Saved data entries
++++++++
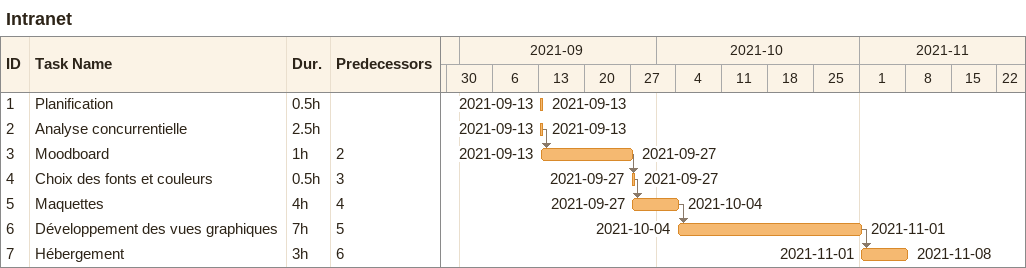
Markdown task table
Intranet

| ID | Task | Duration | Start | Finish | Predecessors |
|---|---|---|---|---|---|
| 1 | Planification | 0.5h | 2021-09-13 | 2021-09-13 |  |
| 2 | Analyse concurrentielle | 2.5h | 2021-09-13 | 2021-09-13 |  |
| 3 | Moodboard | 1h | 2021-09-13 | 2021-09-27 | 2 |
| 4 | Choix des fonts et couleurs | 0.5h | 2021-09-27 | 2021-09-27 | 3 |
| 5 | Maquettes | 4h | 2021-09-27 | 2021-10-04 | 4 |
| 6 | Développement des vues graphiques | 7h | 2021-10-04 | 2021-11-01 | 5 |
| 7 | Hébergement | 3h | 2021-11-01 | 2021-11-08 | 6 |
++++++++
PROBLEM: Repeat the data above exactly, leaving out any pictures it holds.

WRITTEN ANSWER:
Markdown task table
Intranet

| ID | Task | Duration | Start | Finish | Predecessors |
|---|---|---|---|---|---|
| 1 | Planification | 0.5h | 2021-09-13 | 2021-09-13 |  |
| 2 | Analyse concurrentielle | 2.5h | 2021-09-13 | 2021-09-13 |  |
| 3 | Moodboard | 1h | 2021-09-13 | 2021-09-27 | 2 |
| 4 | Choix des fonts et couleurs | 0.5h | 2021-09-27 | 2021-09-27 | 3 |
| 5 | Maquettes | 4h | 2021-09-27 | 2021-10-04 | 4 |
| 6 | Développement des vues graphiques | 7h | 2021-10-04 | 2021-11-01 | 5 |
| 7 | Hébergement | 3h | 2021-11-01 | 2021-11-08 | 6 |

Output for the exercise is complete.